◆ WHAT NEEDS TO BE DONE: For the material below, return exactly the lines starting at the one holding "state Stabilize" and ending at the one holding "state Lower", counting both as part of the range.

◆ DATA EXTRACTS:
┌────────
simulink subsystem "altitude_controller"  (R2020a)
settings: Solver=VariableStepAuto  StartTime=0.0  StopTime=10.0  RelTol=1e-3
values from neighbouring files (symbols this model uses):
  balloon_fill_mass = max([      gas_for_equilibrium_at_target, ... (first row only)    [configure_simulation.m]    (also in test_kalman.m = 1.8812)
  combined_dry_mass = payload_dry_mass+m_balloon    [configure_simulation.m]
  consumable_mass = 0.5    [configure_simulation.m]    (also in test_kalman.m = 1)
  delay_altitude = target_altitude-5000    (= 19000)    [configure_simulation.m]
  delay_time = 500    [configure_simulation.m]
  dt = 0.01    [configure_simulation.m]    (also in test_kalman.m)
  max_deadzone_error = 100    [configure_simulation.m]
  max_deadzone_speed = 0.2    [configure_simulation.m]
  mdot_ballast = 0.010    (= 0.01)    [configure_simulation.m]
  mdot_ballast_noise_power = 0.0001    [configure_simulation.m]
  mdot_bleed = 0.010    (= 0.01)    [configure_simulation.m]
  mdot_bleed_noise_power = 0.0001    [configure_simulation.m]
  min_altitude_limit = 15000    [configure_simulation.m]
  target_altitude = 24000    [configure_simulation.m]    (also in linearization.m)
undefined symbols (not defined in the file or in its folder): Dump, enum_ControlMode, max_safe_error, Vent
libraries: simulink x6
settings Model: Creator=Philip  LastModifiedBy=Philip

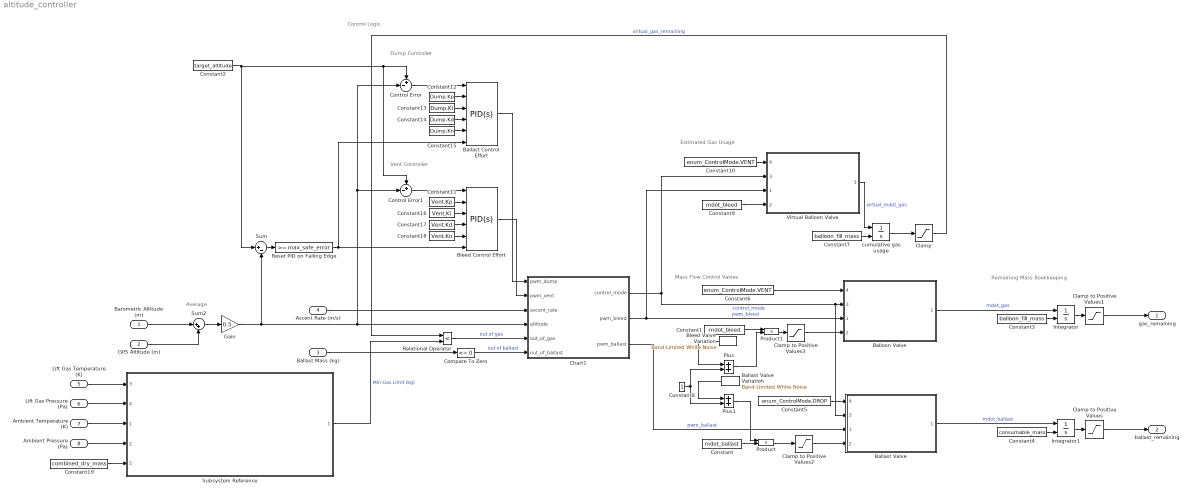
== system altitude_controller ==
  note: Average
  note: Estimated Gas Usage
  note: Remaining Mass Bookkeeping
  note: Mass Flow Control Valves
  note: Control Logic
  note: Dump Controller
  note: Vent Controller
  Barometric Altitude (m) : Inport  Unit=m
  GPS Altitude (m) : Inport  Port=2  OutMin=0  Unit=m
  Ballast Mass (kg) : Inport  Port=3  Unit=kg
  Ascent Rate (m/s) : Inport  Port=4
  Lift Gas Temperature (K) : Inport  Port=5
  Lift Gas Pressure (Pa) : Inport  Port=6
  Ambient Temperature (K) : Inport  Port=7
  Ambient Pressure (Pa) : Inport  Port=8
  Ballast Control Effort : simulink/Continuous/PID Controller  Controller=PID  Form=Parallel  TimeDomain=Continuous-time  UseExternalTs=off  SampleTime=1  IntegratorMethod=Forward Euler  FilterMethod=Forward Euler  ControllerParametersSource=external  P=1  I=1  D=0  UseFilter=on  N=100  TunerSelectOption=Transfer Function Based (PID Tuner App)  InitialConditionSource=internal  InitialConditionForIntegrator=0  InitialConditionForFilter=0  DifferentiatorICPrevScaledInput=0  ExternalReset=falling  TrackingMode=off  Kt=1  LimitOutput=on  UpperSaturationLimit=1  LowerSaturationLimit=0  LinearizeAsGain=on  AntiWindupMode=clamping  Kb=Dump.Kb  POutMin=[]  POutMax=[]  IOutMin=[]  IOutMax=[]  DOutMin=[]  DOutMax=[]  NOutMin=[]  NOutMax=[]  SumOutMin=[]  SumOutMax=[]  SaturationOutMin=[]  SaturationOutMax=[]  PParamMin=[]  PParamMax=[]  IParamMin=[]  IParamMax=[]  DParamMin=[]  DParamMax=[]  NParamMin=[]  NParamMax=[]  KbParamMin=[]  KbParamMax=[]  KtParamMin=[]  KtParamMax=[]  KbOutMin=[]  KbOutMax=[]  KtOutMin=[]  KtOutMax=[]  IntegratorOutMin=[]  IntegratorOutMax=[]  FilterOutMin=[]  FilterOutMax=[]  SumI1OutMin=[]  SumI1OutMax=[]  SumI2OutMin=[]  SumI2OutMax=[]  SumI3OutMin=[]  SumI3OutMax=[]  SumI4OutMin=[]  SumI4OutMax=[]  SumDOutMin=[]  SumDOutMax=[]  DifferentiatorOutMin=[]  DifferentiatorOutMax=[]  FilterDiffOutCoefMin=[]  FilterDiffOutCoefMax=[]  ReciprocalOutMin=[]  ReciprocalOutMax=[]  SumDenOutMin=[]  SumDenOutMax=[]  SumNumOutMin=[]  SumNumOutMax=[]  DivideOutMin=[]  DivideOutMax=[]  UdiffTsProdOutMin=[]  UdiffTsProdOutMax=[]  NTsProdOutMin=[]  NTsProdOutMax=[]  UintegralTsProdOutMin=[]  UintegralTsProdOutMax=[]  UngainTsProdOutMin=[]  UngainTsProdOutMax=[]  IntegratorContinuousStateAttributes=''  IntegratorStateMustResolveToSignalObject=off  IntegratorRTWStateStorageClass=Auto  FilterContinuousStateAttributes=''  FilterStateMustResolveToSignalObject=off  FilterRTWStateStorageClass=Auto  ParallelPVariant=ExternalParameters  IdealPVariant=Disabled  IVariant=ExternalParameters  DVariant=ExternalParameters  IntegratorVariant=Continuous  SatVariant=Enabled  AWVariant=ContClampingParallel  PCopyVariant=Disabled  TRVariant=Disabled  FdbkBlocksVariant=Forward  IdealPFdbkVariant=Disabled  SatFdbkVariant=Disabled  DerivativeFilterVariant=ContFilter  NVariant=ExternalParameters  NCopyVariant=Disabled  FilterICVariant=InternalICsFilter  IntegratorICVariant=InternalICs  ExternalResetVariant=ExternalReset  TRSumVariant=Passthrough  SumFdbkVariant=Disabled  SumVariant=Sum_PID  TsampFilterVariant=InternalTs  TsampNgainVariant=Passthrough  TsampIntegralVariant=Passthrough
  Ballast Valve : Subsystem  ReferencedSubsystem=valve
      settings: PortSchema="{\"entries\":[{\"content\":{\"sides\":[{\"content\":{\"connectorIds\":[\"In4\",\"In3\",\"In1\",\"In2\"]},\"type\":\"ConnectorPlacement.EquallySpacedRectSide\",\"uuid\":\"d5a4010a-716b-4c41-b50e-e3f8d41c00fa\"},{\"content\":{\"connectorIds\":[\"Out1\"],\"side\":\"RIGHT\"},\"type\":\"ConnectorPlacement.EquallySpacedRectSide\",\"uuid\":\"84ee04a9-1f76-49d4-8ce5-74c0c61315ea\"},{\"content\":{\"connectorIds\":[],\"side\":\"TOP\"},\"type\":\"ConnectorPlacement.EquallySpacedRectSide\",\"uuid\":\"9a241f2e-f8fa-498b-86e9-62cebb811964\"}]},\"type\":\"ConnectorPlacement.EquallySpacedConnector\",\"uuid\":\"72a58c4e-cce1-459e-8fb4-8117f4ed8ad0\"}],\"packageUris\":[\"http://schema.mathworks.com/mf0/Connector/19700101\"],\"version\":\"1.0\"}"
  Ballast Valve Variation : simulink/Sources/Band-Limited White Noise  Cov=[mdot_ballast_noise_power]  Ts=dt  seed=[99]
  Balloon Valve : Subsystem  ReferencedSubsystem=valve
      settings: PortSchema="{\"entries\":[{\"content\":{\"sides\":[{\"content\":{\"connectorIds\":[\"In4\",\"In3\",\"In1\",\"In2\"]},\"type\":\"ConnectorPlacement.EquallySpacedRectSide\",\"uuid\":\"cdbf3294-d966-4e16-a090-5ac559dd01c8\"},{\"content\":{\"connectorIds\":[\"Out1\"],\"side\":\"RIGHT\"},\"type\":\"ConnectorPlacement.EquallySpacedRectSide\",\"uuid\":\"4c7f19d8-188a-43e8-a047-f5757586a2e9\"},{\"content\":{\"connectorIds\":[],\"side\":\"TOP\"},\"type\":\"ConnectorPlacement.EquallySpacedRectSide\",\"uuid\":\"2716a85f-c06c-41ed-9767-e4fda0675730\"}]},\"type\":\"ConnectorPlacement.EquallySpacedConnector\",\"uuid\":\"d3907e4d-f270-4849-a389-21fc81be0f9b\"}],\"packageUris\":[\"http://schema.mathworks.com/mf0/Connector/19700101\"],\"version\":\"1.0\"}"
  Bleed Control Effort : simulink/Continuous/PID Controller  Controller=PID  Form=Parallel  TimeDomain=Continuous-time  UseExternalTs=off  SampleTime=1  IntegratorMethod=Forward Euler  FilterMethod=Forward Euler  ControllerParametersSource=external  P=1  I=1  D=0  UseFilter=on  N=100  TunerSelectOption=Transfer Function Based (PID Tuner App)  InitialConditionSource=internal  InitialConditionForIntegrator=0  InitialConditionForFilter=0  DifferentiatorICPrevScaledInput=0  ExternalReset=falling  TrackingMode=off  Kt=1  LimitOutput=on  UpperSaturationLimit=0  LowerSaturationLimit=-1  LinearizeAsGain=on  AntiWindupMode=clamping  Kb=Vent.Kb  POutMin=[]  POutMax=[]  IOutMin=[]  IOutMax=[]  DOutMin=[]  DOutMax=[]  NOutMin=[]  NOutMax=[]  SumOutMin=[]  SumOutMax=[]  SaturationOutMin=[]  SaturationOutMax=[]  PParamMin=[]  PParamMax=[]  IParamMin=[]  IParamMax=[]  DParamMin=[]  DParamMax=[]  NParamMin=[]  NParamMax=[]  KbParamMin=[]  KbParamMax=[]  KtParamMin=[]  KtParamMax=[]  KbOutMin=[]  KbOutMax=[]  KtOutMin=[]  KtOutMax=[]  IntegratorOutMin=[]  IntegratorOutMax=[]  FilterOutMin=[]  FilterOutMax=[]  SumI1OutMin=[]  SumI1OutMax=[]  SumI2OutMin=[]  SumI2OutMax=[]  SumI3OutMin=[]  SumI3OutMax=[]  SumI4OutMin=[]  SumI4OutMax=[]  SumDOutMin=[]  SumDOutMax=[]  DifferentiatorOutMin=[]  DifferentiatorOutMax=[]  FilterDiffOutCoefMin=[]  FilterDiffOutCoefMax=[]  ReciprocalOutMin=[]  ReciprocalOutMax=[]  SumDenOutMin=[]  SumDenOutMax=[]  SumNumOutMin=[]  SumNumOutMax=[]  DivideOutMin=[]  DivideOutMax=[]  UdiffTsProdOutMin=[]  UdiffTsProdOutMax=[]  NTsProdOutMin=[]  NTsProdOutMax=[]  UintegralTsProdOutMin=[]  UintegralTsProdOutMax=[]  UngainTsProdOutMin=[]  UngainTsProdOutMax=[]  IntegratorContinuousStateAttributes=''  IntegratorStateMustResolveToSignalObject=off  IntegratorRTWStateStorageClass=Auto  FilterContinuousStateAttributes=''  FilterStateMustResolveToSignalObject=off  FilterRTWStateStorageClass=Auto  ParallelPVariant=ExternalParameters  IdealPVariant=Disabled  IVariant=ExternalParameters  DVariant=ExternalParameters  IntegratorVariant=Continuous  SatVariant=Enabled  AWVariant=ContClampingParallel  PCopyVariant=Disabled  TRVariant=Disabled  FdbkBlocksVariant=Forward  IdealPFdbkVariant=Disabled  SatFdbkVariant=Disabled  DerivativeFilterVariant=ContFilter  NVariant=ExternalParameters  NCopyVariant=Disabled  FilterICVariant=InternalICsFilter  IntegratorICVariant=InternalICs  ExternalResetVariant=ExternalReset  TRSumVariant=Passthrough  SumFdbkVariant=Disabled  SumVariant=Sum_PID  TsampFilterVariant=InternalTs  TsampNgainVariant=Passthrough  TsampIntegralVariant=Passthrough
  Bleed Valve Variation : simulink/Sources/Band-Limited White Noise  Cov=[mdot_bleed_noise_power]  Ts=dt  seed=[54321]
  Chart1 : Stateflow chart  TreatAsAtomicUnit=on
      settings: PortSchema="{\"entries\":[{\"content\":{\"sides\":[{\"content\":{\"connectorIds\":[\"In4\",\"In5\",\"In6\",\"In1\",\"In3\",\"In2\"]},\"type\":\"ConnectorPlacement.EquallySpacedRectSide\",\"uuid\":\"64d63616-449e-43a6-adda-d3455e6a4541\"},{\"content\":{\"connectorIds\":[\"Out1\",\"Out2\",\"Out3\"],\"side\":\"RIGHT\"},\"type\":\"ConnectorPlacement.EquallySpacedRectSide\",\"uuid\":\"be766ef1-a3f2-4a03-9521-e781b844e2ed\"},{\"content\":{\"connectorIds\":[],\"side\":\"TOP\"},\"type\":\"ConnectorPlacement.EquallySpacedRectSide\",\"uuid\":\"9efceef1-fb0a-45de-a0f9-df77a6037a92\"}]},\"type\":\"ConnectorPlacement.EquallySpacedConnector\",\"uuid\":\"d98ff2da-f1b8-4466-87f6-556c02f19842\"}],\"packageUris\":[\"http://schema.mathworks.com/mf0/Connector/19700101\"],\"version\":\"1.0\"}"
  Clamp : Saturate  UpperLimit=inf  LowerLimit=0
  Clamp to Positive Values{,1..3} (4 alike) : Saturate  UpperLimit=inf  LowerLimit=0
  Compare To Zero : simulink/Logic and Bit Operations/Compare To Zero  relop=<=  OutDataTypeStr=boolean
  Constant : Constant  Value=mdot_ballast
  Constant1 : Constant  Value=mdot_bleed
  Constant10 : Constant  Value=enum_ControlMode.VENT  OutDataTypeStr=Enum: enum_ControlMode
  Constant11 : Constant  Value=Vent.Kp
  Constant12 : Constant  Value=Dump.Kp
  Constant13 : Constant  Value=Dump.Ki
  Constant14 : Constant  Value=Dump.Kd
  Constant15 : Constant  Value=Dump.Kn
  Constant16 : Constant  Value=Vent.Ki
  Constant17 : Constant  Value=Vent.Kd
  Constant18 : Constant  Value=Vent.Kn
  Constant19 : Constant  Value=combined_dry_mass
  Constant2 : Constant  Value=target_altitude
  Constant3 : Constant  Value=balloon_fill_mass
  Constant4 : Constant  Value=consumable_mass
  Constant5 : Constant  Value=enum_ControlMode.DROP  OutDataTypeStr=Enum: enum_ControlMode
  Constant6 : Constant  Value=enum_ControlMode.VENT  OutDataTypeStr=Enum: enum_ControlMode
  Constant7 : Constant  Value=balloon_fill_mass
  Constant8 : Constant
  Constant9 : Constant  Value=mdot_bleed
  Control Error : Sum  Inputs=+-|
  Control Error1 : Sum  Inputs=+-|
  Gain : Gain  Gain=0.5
  Integrator : Integrator  InitialConditionSource=external
  Integrator1 : Integrator  InitialConditionSource=external
  Plus : Sum
  Plus1 : Sum
  Product : Product
  Product1 : Product
  Relational Operator : RelationalOperator  Operator=<  OutDataTypeStr=boolean  RndMeth=Simplest
  Reset PID on Falling Edge : simulink/Logic and Bit Operations/Compare To Constant  relop=>=  const=max_safe_error  OutDataTypeStr=boolean
  Subsystem Reference : Subsystem  ReferencedSubsystem=lift_gas_required_equilibrium
      settings: PortSchema="{\"entries\":[{\"content\":{\"sides\":[{\"content\":{\"connectorIds\":[\"In3\",\"In4\",\"In1\",\"In2\",\"In5\"]},\"type\":\"ConnectorPlacement.EquallySpacedRectSide\",\"uuid\":\"97e3d6d2-28c2-42e6-b964-39b27142bc91\"},{\"content\":{\"connectorIds\":[\"Out1\"],\"side\":\"RIGHT\"},\"type\":\"ConnectorPlacement.EquallySpacedRectSide\",\"uuid\":\"b9c12e6e-d256-428b-98c3-3c91aa5e80c8\"},{\"content\":{\"connectorIds\":[],\"side\":\"TOP\"},\"type\":\"ConnectorPlacement.EquallySpacedRectSide\",\"uuid\":\"e5619dd6-5925-4f6b-8007-455d17ee4107\"}]},\"type\":\"ConnectorPlacement.EquallySpacedConnector\",\"uuid\":\"b8b94ccc-5761-4d17-be3e-38785c31387a\"}],\"packageUris\":[\"http://schema.mathworks.com/mf0/Connector/19700101\"],\"version\":\"1.0\"}"
  Sum : Sum  Inputs=|+-
  Sum2 : Sum  Inputs=|++
  Virtual Balloon Valve : Subsystem  ReferencedSubsystem=valve
      settings: PortSchema="{\"entries\":[{\"content\":{\"sides\":[{\"content\":{\"connectorIds\":[\"In4\",\"In3\",\"In1\",\"In2\"]},\"type\":\"ConnectorPlacement.EquallySpacedRectSide\",\"uuid\":\"cdbf3294-d966-4e16-a090-5ac559dd01c8\"},{\"content\":{\"connectorIds\":[\"Out1\"],\"side\":\"RIGHT\"},\"type\":\"ConnectorPlacement.EquallySpacedRectSide\",\"uuid\":\"4c7f19d8-188a-43e8-a047-f5757586a2e9\"},{\"content\":{\"connectorIds\":[],\"side\":\"TOP\"},\"type\":\"ConnectorPlacement.EquallySpacedRectSide\",\"uuid\":\"2716a85f-c06c-41ed-9767-e4fda0675730\"}]},\"type\":\"ConnectorPlacement.EquallySpacedConnector\",\"uuid\":\"d3907e4d-f270-4849-a389-21fc81be0f9b\"}],\"packageUris\":[\"http://schema.mathworks.com/mf0/Connector/19700101\"],\"version\":\"1.0\"}"
  cumulative gas usage : Integrator  InitialConditionSource=external
  gas_remaining : Outport  OutMin=0  Unit=kg
  ballast_remaining : Outport  Port=2  OutMin=0  Unit=kg
  wires:
  Compare To Zero/1 -> Chart1/2(out_of_ballast)  "out of ballast"
  Relational Operator/1 -> Chart1/3(out_of_gas)  "out of gas"
  Chart1/3(pwm_ballast) -> Ballast Valve/1  "pwm_ballast"
  Ballast Control Effort/1 -> Chart1/4(pwm_dump)
  Constant1/1 -> Product1/1
  Integrator/1 -> Clamp to Positive Values1/1
  Balloon Valve/1 -> Integrator/1  "mdot_gas"
  Integrator1/1 -> Clamp to Positive Values/1
  Ballast Valve/1 -> Integrator1/1  "mdot_ballast"
  Constant3/1 -> Integrator/2
  Constant4/1 -> Integrator1/2
  Constant5/1 -> Ballast Valve/4
  Constant6/1 -> Balloon Valve/4
  Clamp to Positive Values/1 -> ballast_remaining/1
  Clamp to Positive Values1/1 -> gas_remaining/1
  Barometric Altitude (m)/1 -> Sum2/1
  Ballast Mass (kg)/1 -> Compare To Zero/1
  Gain/1 -> Sum/2, Chart1/1(altitude), Control Error/2, Control Error1/2
  Constant7/1 -> cumulative gas usage/2
  cumulative gas usage/1 -> Clamp/1
  Chart1/1(control_mode) -> Balloon Valve/3, Ballast Valve/3, Virtual Balloon Valve/3  "control_mode"
  Constant10/1 -> Virtual Balloon Valve/4
  Constant9/1 -> Virtual Balloon Valve/2
  Chart1/2(pwm_bleed) -> Balloon Valve/1, Virtual Balloon Valve/1  "pwm_bleed"
  Virtual Balloon Valve/1 -> cumulative gas usage/1  "virtual_mdot_gas"
  Clamp/1 -> Relational Operator/1  "virtual_gas_remaining"
  Product1/1 -> Clamp to Positive Values3/1
  Product/1 -> Clamp to Positive Values2/1
  Sum2/1 -> Gain/1
  Clamp to Positive Values2/1 -> Ballast Valve/2
  Clamp to Positive Values3/1 -> Balloon Valve/2
  Bleed Valve Variation/1 -> Plus/1
  Plus/1 -> Product1/2
  Constant8/1 -> Plus/2, Plus1/2
  Ballast Valve Variation/1 -> Plus1/1
  Constant/1 -> Product/2
  Plus1/1 -> Product/1
  Bleed Control Effort/1 -> Chart1/5(pwm_vent)
  Constant13/1 -> Ballast Control Effort/3
  Constant12/1 -> Ballast Control Effort/2
  Constant14/1 -> Ballast Control Effort/4
  Constant15/1 -> Ballast Control Effort/5
  Constant2/1 -> Control Error/1, Control Error1/1, Sum/1
  Control Error1/1 -> Bleed Control Effort/1
  Constant11/1 -> Bleed Control Effort/2
  Constant16/1 -> Bleed Control Effort/3
  Constant17/1 -> Bleed Control Effort/4
  Constant18/1 -> Bleed Control Effort/5
  Ascent Rate (m/s)/1 -> Chart1/6(ascent_rate)
  Reset PID on Falling Edge/1 -> Ballast Control Effort/6, Bleed Control Effort/6
  Sum/1 -> Reset PID on Falling Edge/1
  Control Error/1 -> Ballast Control Effort/1
  GPS Altitude (m)/1 -> Sum2/2
  Lift Gas Temperature (K)/1 -> Subsystem Reference/3
  Lift Gas Pressure (Pa)/1 -> Subsystem Reference/4
  Ambient Pressure (Pa)/1 -> Subsystem Reference/2
  Ambient Temperature (K)/1 -> Subsystem Reference/1
  Subsystem Reference/1 -> Relational Operator/2  "Min Gas Limit (kg)"
  Constant19/1 -> Subsystem Reference/5

== stateflow chart altitude_controller/Chart1 ==
  state Armed
    state Cruise
      control_mode = IDLE;
      pwm_bleed = 0;
      pwm_ballast = 0;
      settings: description=The manifold pressure sensor gives a reliable indication of absolute pressure (MAP).
    state Stabilize
      settings: description=The pressure sensor (manifold, or MAP) no longer produces reliable data.
      (history)
      state Idle
        control_mode = IDLE;
        pwm_bleed = 0;
        pwm_ballast = 0;
      state Lower
        control_mode = VENT;
        pwm_bleed = abs(pwm_vent);
        pwm_ballast = 0;
      state Raise
        control_mode = DROP;
        pwm_bleed = 0;
        pwm_ballast = abs(pwm_dump);
      (default) -> Idle
      Idle -> Raise [order 1] : [ascent_rate < 0 & ~out_of_ballast]
      Idle -> Lower [order 2] : [ascent_rate > 0 & ~out_of_gas]
      Raise -> Idle : [ascent_rate >= 0 | out_of_ballast]
      Lower -> Idle : [ascent_rate <= 0 | out_of_gas]
    Stabilize -> Cruise : [abs(target_altitude - altitude) < max_deadzone_error ...
        | & abs(ascent_rate) < max_deadzone_speed]
    Cruise -> Stabilize : [abs(target_altitude - altitude) > max_deadzone_error ...
        | | abs(ascent_rate) > max_deadzone_speed]
  state Disarmed
    state Init
      control_mode = SAFE;
      pwm_bleed = 0;
      pwm_ballast = 0;
    state Safe
      control_mode = SAFE;
      pwm_bleed = 0;
      pwm_ballast = 0;
    state Dump
      control_mode = DROP;
      pwm_bleed = 0;
      pwm_ballast = 1;
    Dump -> Safe : [out_of_ballast]
  (default) -> Init
  Init -> Stabilize : [after(delay_time,sec) & altitude > delay_altitude]
  Armed -> Safe [order 1] : [out_of_ballast & out_of_gas]
  Armed -> Dump [order 2] : [altitude < min_altitude_limit]
  data: target_altitude parameter double; control_mode output Enum: enum_ControlMode; altitude input double; out_of_ballast input boolean; out_of_gas input boolean; pwm_bleed output =0; pwm_ballast output =0; delay_altitude parameter; min_altitude_limit parameter; max_deadzone_error parameter; delay_time parameter; pwm_dump input; pwm_vent input; ascent_rate input; max_deadzone_speed parameter
└────────
◆ REPLY:
    state Stabilize
      settings: description=The pressure sensor (manifold, or MAP) no longer produces reliable data.
      (history)
      state Idle
        control_mode = IDLE;
        pwm_bleed = 0;
        pwm_ballast = 0;
      state Lower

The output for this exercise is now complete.